The energy content of a substance is made up of the kinetic energy (movement) of its particles and potential energy such as the stored chemical potential energy in its chemical bonds.

Temperature is a measure of the average kinetic energy of the particles.

4. Heat always flows from "hot" to "cold".
In 1803, and 4 years after his death, Joseph's Black work on calorimetry (the measurement of heat changes) was published. In it he showed that equality of temperature did not imply that there was also an "equality of heat" in different substances. He investigated the capacity for heat or the amount of heat needed to increase the temperature of different bodies by a given number of degrees. In explaining his experiments, he treated heat like a substance which could flow from one body to another.

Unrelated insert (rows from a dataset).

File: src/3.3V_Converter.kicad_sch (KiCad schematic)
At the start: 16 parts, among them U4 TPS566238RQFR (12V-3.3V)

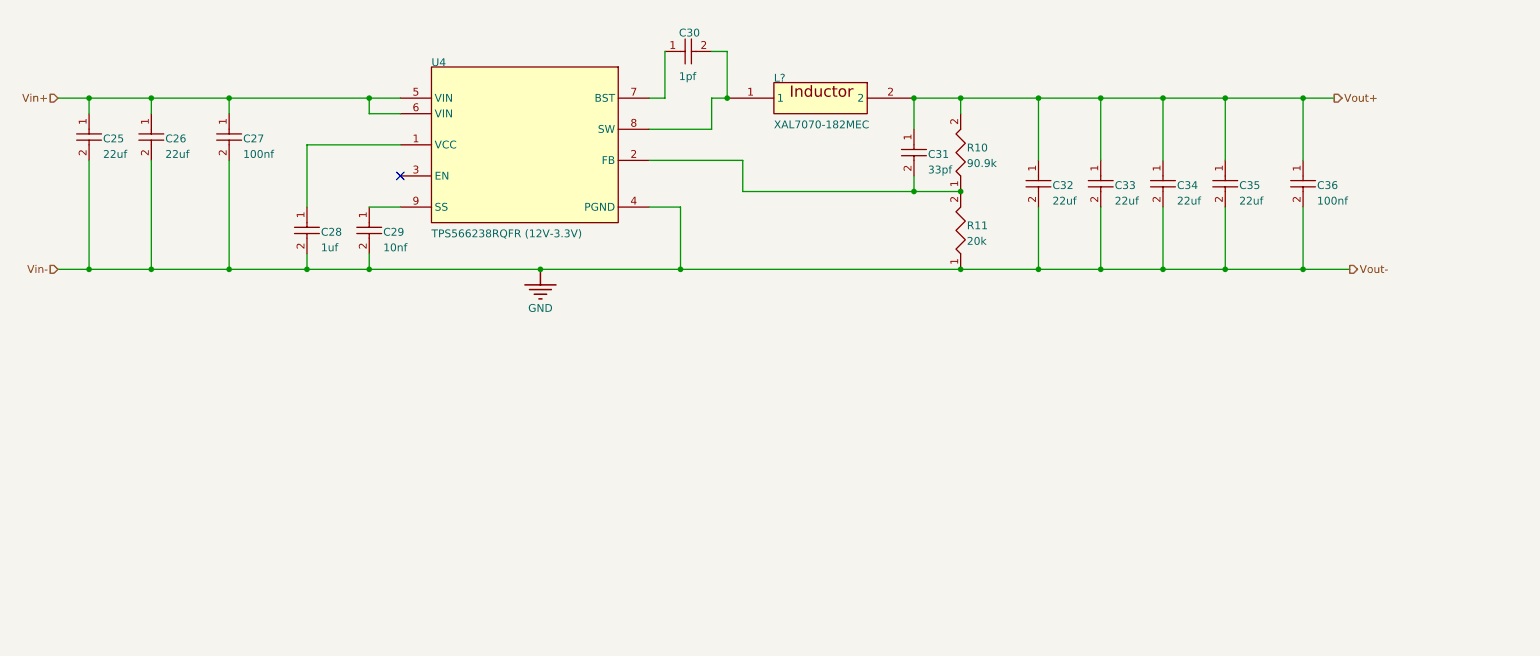
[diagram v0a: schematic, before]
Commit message: Updated majority of passive components to KiCad format
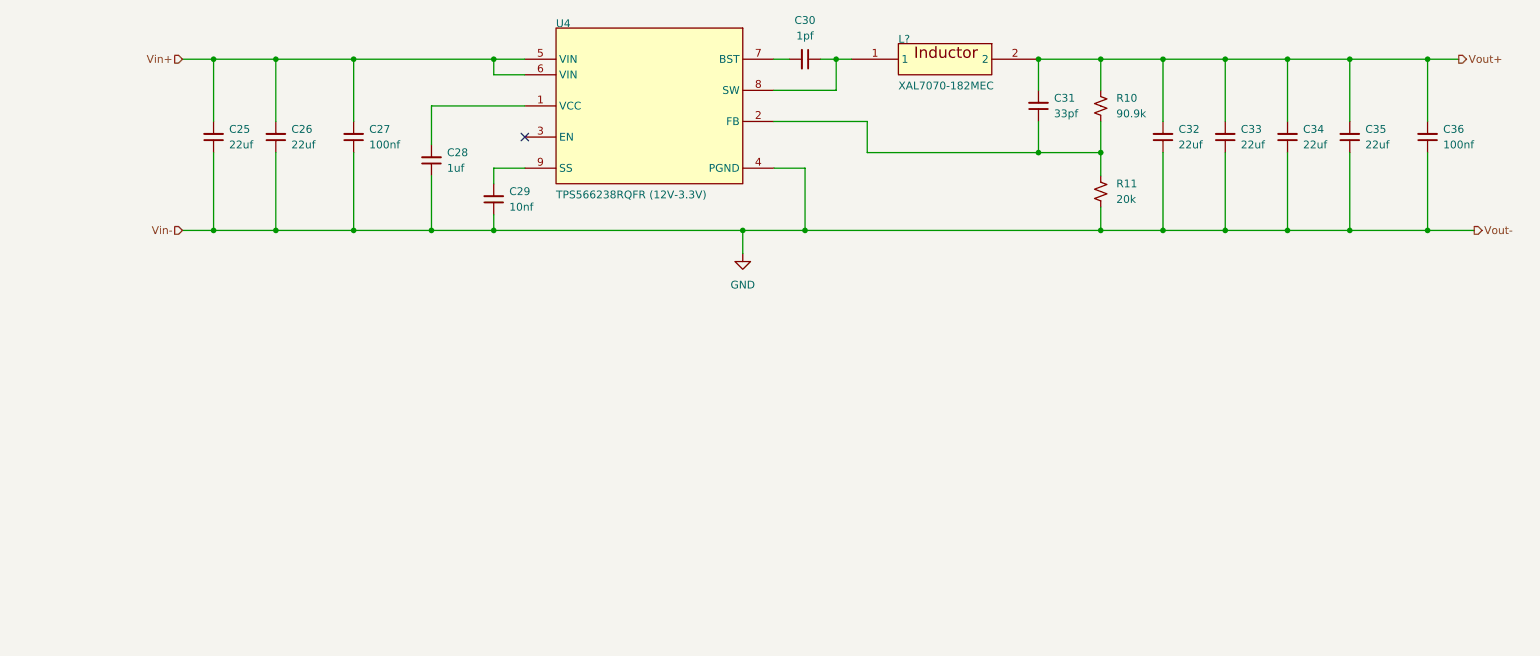
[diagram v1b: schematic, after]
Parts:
- removed C25, C26, C32, C33, C34, C35: Capacitor 1 uF +/- 10% 50 V 0805, powerDristributionBoard-import-fps:CAPC2013X135X45NL10T25, symbol Autonomous Vehicle Lab:CAP-NP-2
- removed C27, C28, C31, C36: Capacitor 10µF +/-20% 10V 0603, powerDristributionBoard-import-fps:CAPC0603(1608)100_L, symbol Autonomous Vehicle Lab:CAP-NP-2
- removed C29, C30: Capacitor 10 pF +/- 0.25 pF 50 V 0402, powerDristributionBoard-import-fps:CAPC1005X55X30LL05T10, symbol Autonomous Vehicle Lab:CAP-NP-2
- removed R10, R11: Resistor 1K +/-5% 0805 125 mW, powerDristributionBoard-import-fps:RESC0805(2012)_L, symbol Autonomous Vehicle Lab:RES-2
- added C25, C26, C32, C33, C34, C35: 22uf, Capacitor_SMD:C_0805_2012Metric, symbol Device:C_Small
- added C27, C36: 100nf, Capacitor_SMD:C_0603_1608Metric, symbol Device:C_Small
- added C28: 1uf, Capacitor_SMD:C_0603_1608Metric, symbol Device:C_Small
- added C29: 10nf, Capacitor_SMD:C_0402_1005Metric, symbol Device:C_Small
- added C30: 1pf, Capacitor_SMD:C_0402_1005Metric, symbol Device:C_Small
- added C31: 33pf, Capacitor_SMD:C_0603_1608Metric, symbol Device:C_Small
- added R10: 90.9k, Resistor_SMD:R_0805_2012Metric, symbol Device:R_Small_US
- added R11: 20k, Resistor_SMD:R_0805_2012Metric, symbol Device:R_Small_US
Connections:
- net GND: now also C25.1, C26.1, C27.1, C28.1, C29.1, C32.1, C33.1, C34.1, C35.1, C36.1, R11.2
- net Vin+: now also C25.2, C26.2, C27.2
- net Vout+: now also C31.2, C32.2, C33.2, C34.2, C35.2, C36.2, R10.1
- net at U4.2 (FB): now also C31.1, R10.2, R11.1
- net at U4.1 (VCC): now also C28.2
- net at U4.7 (BST): now also C30.2
- net at L?.1, U4.8 (SW): now also C30.1
- net at U4.9 (SS): now also C29.2
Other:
- moved on the sheet: L?, U4

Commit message: edit 3.3
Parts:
- added R1, R2: R_Small_US, symbol Device:R_Small_US
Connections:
- net GND: now also R1.1
- new net: R1.2, R2.1
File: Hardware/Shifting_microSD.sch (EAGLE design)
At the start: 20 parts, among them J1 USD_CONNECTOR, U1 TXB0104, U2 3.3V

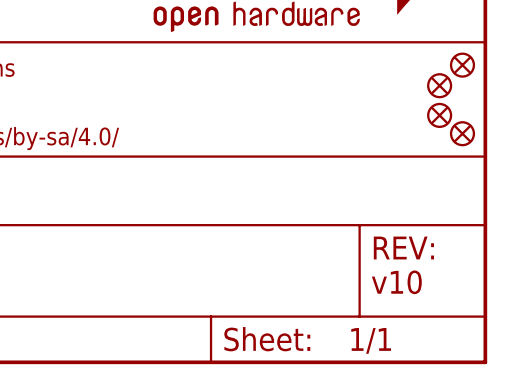
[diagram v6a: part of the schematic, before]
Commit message: Increased via sizes and shrunk PCB to exact width of header
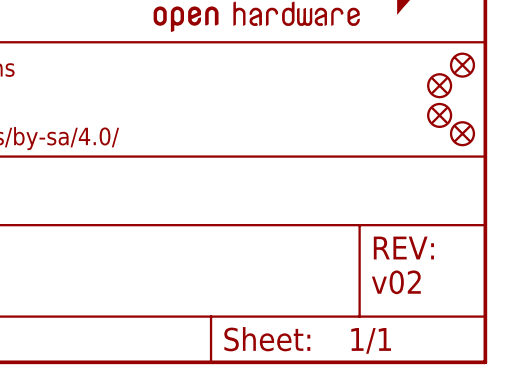
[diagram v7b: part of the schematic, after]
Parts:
- LOGO1: value SFE_LOGO_FLAME.3_INCH -> SFE_LOGO_FLAME.2_INCH; device SparkFun-Aesthetics:SFE_LOGO_FLAME.3_INCH -> SparkFun-Aesthetics:SFE_LOGO_FLAME.2_INCH
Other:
- note added: "v02"
- note removed: "v10"
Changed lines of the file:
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@@
 <grid distance="0.1" unitdist="inch" unit="inch" style="lines" multiple="1" display="no" altdistance="0.01" altunitdist="inch" altunit="inch"/>
 <layers>
-<layer number="1" name="Top" color="4" fill="1" visible="no" active="no"/>
-<layer number="2" name="Route2" color="1" fill="3" visible="no" active="no"/>
-<layer number="3" name="Route3" color="4" fill="3" visible="no" active="no"/>
-<layer number="4" name="Route4" color="1" fill="4" visible="no" active="no"/>
-<layer number="5" name="Route5" color="4" fill="4" visible="no" active="no"/>
-<layer number="6" name="Route6" color="1" fill="8" visible="no" active="no"/>
-<layer number="7" name="Route7" color="4" fill="8" visible="no" active="no"/>
-<layer number="8" name="Route8" color="1" fill="2" visible="no" active="no"/>
-<layer number="9" name="Route9" color="4" fill="2" visible="no" active="no"/>
-<layer number="10" name="Route10" color="1" fill="7" visible="no" active="no"/>
-<layer number="11" name="Route11" color="4" fill="7" visible="no" active="no"/>
-<layer number="12" name="Route12" color="1" fill="5" visible="no" active="no"/>
-<layer number="13" name="Route13" color="4" fill="5" visible="no" active="no"/>
-<layer number="14" name="Route14" color="1" fill="6" visible="no" active="no"/>
-<layer number="15" name="Route15" color="4" fill="6" visible="no" active="no"/>
-<layer number="16" name="Bottom" color="1" fill="1" visible="no" active="no"/>
-<layer number="17" name="Pads" color="2" fill="1" visible="no" active="no"/>
-<layer number="18" name="Vias" color="2" fill="1" visible="no" active="no"/>
-<layer number="19" name="Unrouted" color="6" fill="1" visible="no" active="no"/>
-<layer number="20" name="Dimension" color="15" fill="1" visible="no" active="no"/>
-<layer number="21" name="tPlace" color="16" fill="1" visible="no" active="no"/>
-<layer number="22" name="bPlace" color="14" fill="1" visible="no" active="no"/>
-<layer number="23" name="tOrigins" color="15" fill="1" visible="no" active="no"/>
-<layer number="24" name="bOrigins" color="15" fill="1" visible="no" active="no"/>
-<layer number="25" name="tNames" color="7" fill="1" visible="no" active="no"/>
-<layer number="26" name="bNames" color="7" fill="1" visible="no" active="no"/>
-<layer number="27" name="tValues" color="7" fill="1" visible="no" active="no"/>
-<layer number="28" name="bValues" color="7" fill="1" visible="no" active="no"/>
+<layer number="1" name="Top" color="4" fill="1" visible="yes" active="no"/>
+<layer number="2" name="Route2" color="1" fill="3" visible="yes" active="no"/>
+<layer number="3" name="Route3" color="4" fill="3" visible="yes" active="no"/>
+<layer number="4" name="Route4" color="1" fill="4" visible="yes" active="no"/>
+<layer number="5" name="Route5" color="4" fill="4" visible="yes" active="no"/>
+<layer number="6" name="Route6" color="1" fill="8" visible="yes" active="no"/>
+<layer number="7" name="Route7" color="4" fill="8" visible="yes" active="no"/>
+<layer number="8" name="Route8" color="1" fill="2" visible="yes" active="no"/>
+<layer number="9" name="Route9" color="4" fill="2" visible="yes" active="no"/>
+<layer number="10" name="Route10" color="1" fill="7" visible="yes" active="no"/>
+<layer number="11" name="Route11" color="4" fill="7" visible="yes" active="no"/>
+<layer number="12" name="Route12" color="1" fill="5" visible="yes" active="no"/>
+<layer number="13" name="Route13" color="4" fill="5" visible="yes" active="no"/>
+<layer number="14" name="Route14" color="1" fill="6" visible="yes" active="no"/>
+<layer number="15" name="Route15" color="4" fill="6" visible="yes" active="no"/>
+<layer number="16" name="Bottom" color="1" fill="1" visible="yes" active="no"/>
+<layer number="17" name="Pads" color="2" fill="1" visible="yes" active="no"/>
+<layer number="18" name="Vias" color="2" fill="1" visible="yes" active="no"/>
+<layer number="19" name="Unrouted" color="6" fill="1" visible="yes" active="no"/>
+<layer number="20" name="Dimension" color="6" fill="1" visible="yes" active="no"/>
+<layer number="21" name="tPlace" color="6" fill="1" visible="yes" active="no"/>
+<layer number="22" name="bPlace" color="6" fill="1" visible="yes" active="no"/>
+<layer number="23" name="tOrigins" color="15" fill="1" visible="yes" active="no"/>
+<layer number="24" name="bOrigins" color="15" fill="1" visible="yes" active="no"/>
+<layer number="25" name="tNames" color="7" fill="1" visible="yes" active="no"/>
+<layer number="26" name="bNames" color="7" fill="1" visible="yes" active="no"/>
+<layer number="27" name="tValues" color="7" fill="1" visible="yes" active="no"/>
+<layer number="28" name="bValues" color="7" fill="1" visible="yes" active="no"/>
 <layer number="29" name="tStop" color="7" fill="3" visible="no" active="no"/>
 <layer number="30" name="bStop" color="7" fill="6" visible="no" active="no"/>
@@
 <layer number="35" name="tGlue" color="7" fill="4" visible="no" active="no"/>
 <layer number="36" name="bGlue" color="7" fill="5" visible="no" active="no"/>
-<layer number="37" name="tTest" color="7" fill="1" visible="no" active="no"/>
-<layer number="38" name="bTest" color="7" fill="1" visible="no" active="no"/>
+<layer number="37" name="tTest" color="7" fill="1" visible="yes" active="no"/>
+<layer number="38" name="bTest" color="7" fill="1" visible="yes" active="no"/>
 <layer number="39" name="tKeepout" color="4" fill="11" visible="no" active="no"/>
 <layer number="40" name="bKeepout" color="1" fill="11" visible="no" active="no"/>
@@
 <layer number="44" name="Drills" color="7" fill="1" visible="no" active="no"/>
 <layer number="45" name="Holes" color="7" fill="1" visible="no" active="no"/>
-<layer number="46" name="Milling" color="3" fill="1" visible="no" active="no"/>
-<layer number="47" name="Measures" color="7" fill="1" visible="no" active="no"/>
-<layer number="48" name="Document" color="7" fill="1" visible="no" active="no"/>
-<layer number="49" name="Reference" color="3" fill="1" visible="no" active="no"/>
-<layer number="50" name="dxf" color="7" fill="1" visible="no" active="no"/>
-<layer number="51" name="tDocu" color="6" fill="1" visible="no" active="no"/>
-<layer number="52" name="bDocu" color="7" fill="1" visible="no" active="no"/>
-<layer number="53" name="tGND_GNDA" color="7" fill="9" visible="no" active="no"/>
-<layer number="54" name="bGND_GNDA" color="1" fill="9" visible="no" active="no"/>
-<layer number="56" name="wert" color="7" fill="1" visible="no" active="no"/>
-<layer number="57" name="tCAD" color="7" fill="1" visible="no" active="no"/>
-<layer number="59" name="tCarbon" color="7" fill="1" visible="no" active="no"/>
-<layer number="60" name="bCarbon" color="7" fill="1" visible="no" active="no"/>
+<layer number="46" name="Milling" color="3" fill="1" visible="yes" active="no"/>
+<layer number="47" name="Measures" color="7" fill="1" visible="yes" active="no"/>
+<layer number="48" name="Document" color="7" fill="1" visible="yes" active="no"/>
+<layer number="49" name="Reference" color="3" fill="1" visible="yes" active="no"/>
+<layer number="50" name="dxf" color="7" fill="1" visible="yes" active="no"/>
+<layer number="51" name="tDocu" color="6" fill="1" visible="yes" active="no"/>
+<layer number="52" name="bDocu" color="7" fill="1" visible="yes" active="no"/>
+<layer number="53" name="tGND_GNDA" color="7" fill="9" visible="yes" active="no"/>
+<layer number="54" name="bGND_GNDA" color="1" fill="9" visible="yes" active="no"/>
+<layer number="56" name="wert" color="7" fill="1" visible="yes" active="no"/>
+<layer number="57" name="tCAD" color="7" fill="1" visible="yes" active="no"/>
+<layer number="59" name="tCarbon" color="7" fill="1" visible="yes" active="no"/>
+<layer number="60" name="bCarbon" color="7" fill="1" visible="yes" active="no"/>
 <layer number="90" name="Modules" color="5" fill="1" visible="yes" active="yes"/>
 <layer number="91" name="Nets" color="2" fill="1" visible="yes" active="yes"/>
@@
 <part name="SUPPLY13" library="SparkFun-Aesthetics" deviceset="VCC" device=""/>
 <part name="GND1" library="SparkFun-Aesthetics" deviceset="GND" device=""/>
-<part name="LOGO1" library="SparkFun-Aesthetics" deviceset="SFE_LOGO_FLAME" device=".3_INCH"/>
+<part name="LOGO1" library="SparkFun-Aesthetics" deviceset="SFE_LOGO_FLAME" device=".2_INCH" value="SFE_LOGO_FLAME.2_INCH"/>
 <part name="LOGO2" library="SparkFun-Aesthetics" deviceset="OSHW-LOGO" device="S"/>
 <part name="U1" library="SparkFun-DigitalIC" deviceset="TXB0104PWR" device="SOIC14" value="TXB0104"/>
@@
 <plain>
 <text x="166.116" y="11.43" size="2.54" layer="94">Brent Wilkins</text>
-<text x="236.22" y="7.62" size="2.54" layer="94" font="vector">v10</text>
+<text x="236.22" y="7.62" size="2.54" layer="94" font="vector">v02</text>
 <text x="121.92" y="172.72" size="1.778" layer="97" font="vector" ratio="15" align="center">VCC +3.3V to +5.0V
 EXPECT UP TO VCC ON SIGNAL LINES</text>

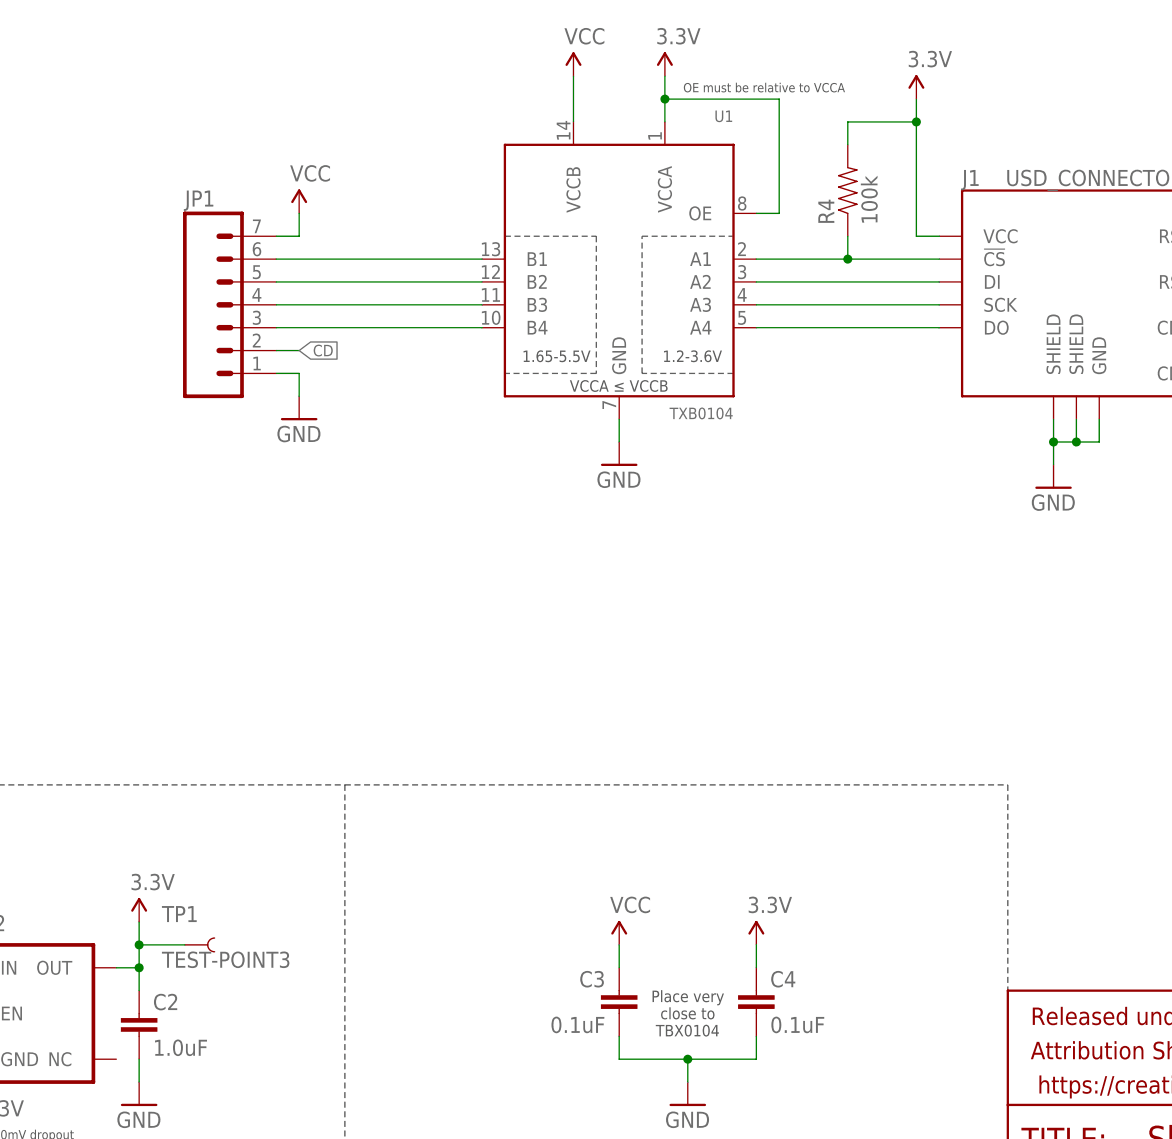
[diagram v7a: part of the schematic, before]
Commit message: Renamed a jack to JP and moved over a test point
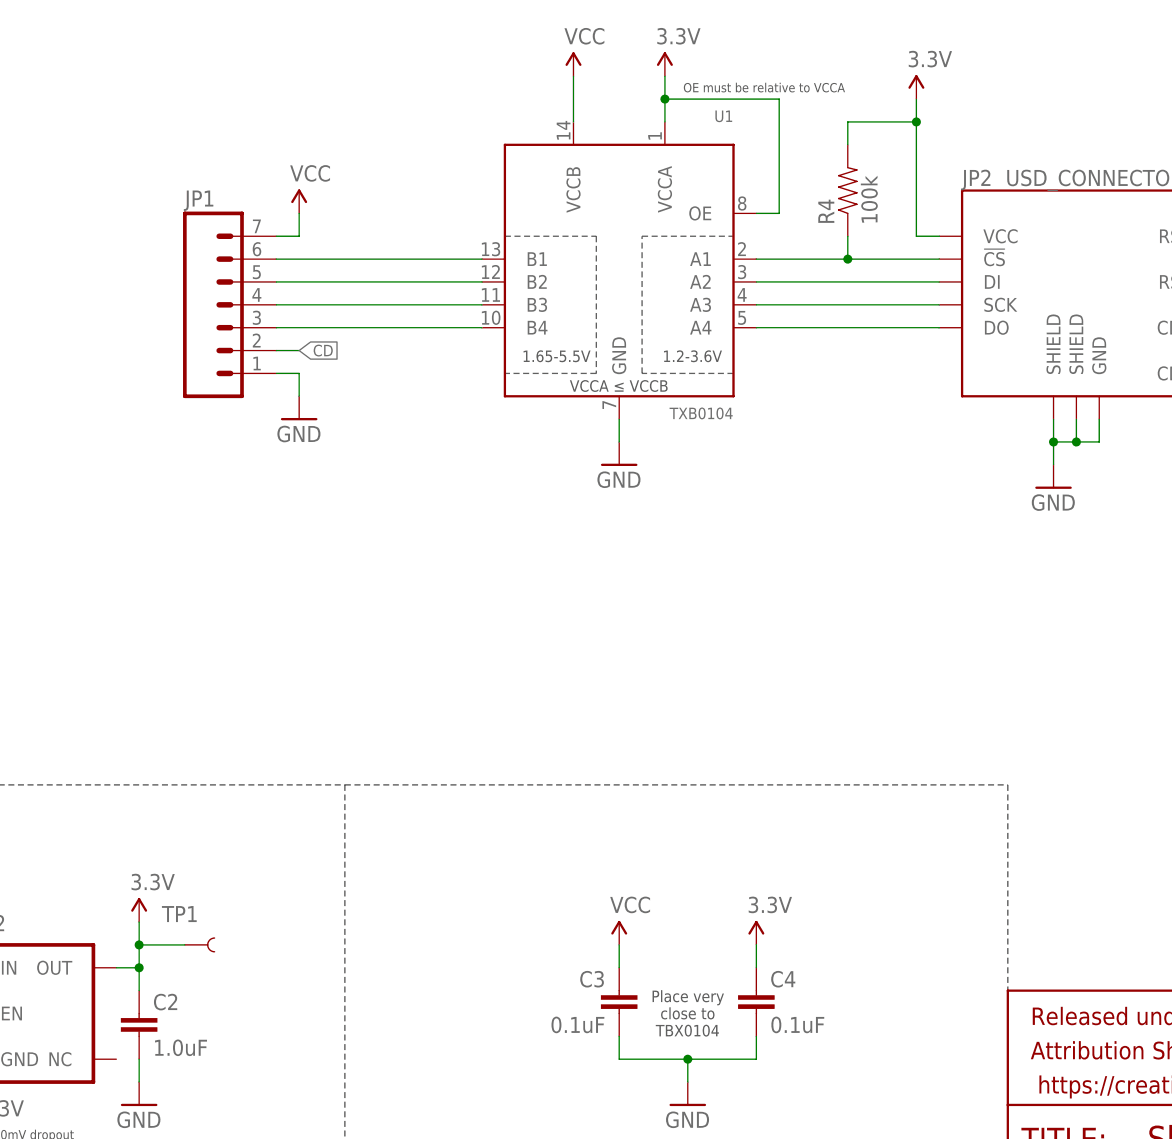
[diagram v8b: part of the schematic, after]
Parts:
- renumbered J1 to JP2

5. The particles will not have exactly the same kinetic energy. There is a distribution of kinetic energies for the particles, so we refer to the "average" kinetic energy of the particles in the system.

6. This is known as thermal equilibrium.

7. It is more accurate to say that the heat capacity is the ability of a substance to transfer heat to another substance since heat is energy in transit. That is, heat capacity is the capacity or ability of a substance to transfer heat to another substance. But, since the word capacity is usually thought of as "containment", eg, a 250 mL volumetric flask has a capacity of 250 mL, we often think of the heat capacity of a substance being its ability to contain heat energy.

We cannot really refer to "heat" as being stored, that is, heat can be absorbed by the molecules to increase their kinetic energy but it is not "stored" because it has done work to speed up the particles. Heat energy could be "stored" as potential energy in chemical bonds if a chemical reaction takes place, but this is not the case in these examples.

8. Values of specific heat capacities refer to conditions of constant atmospheric pressure.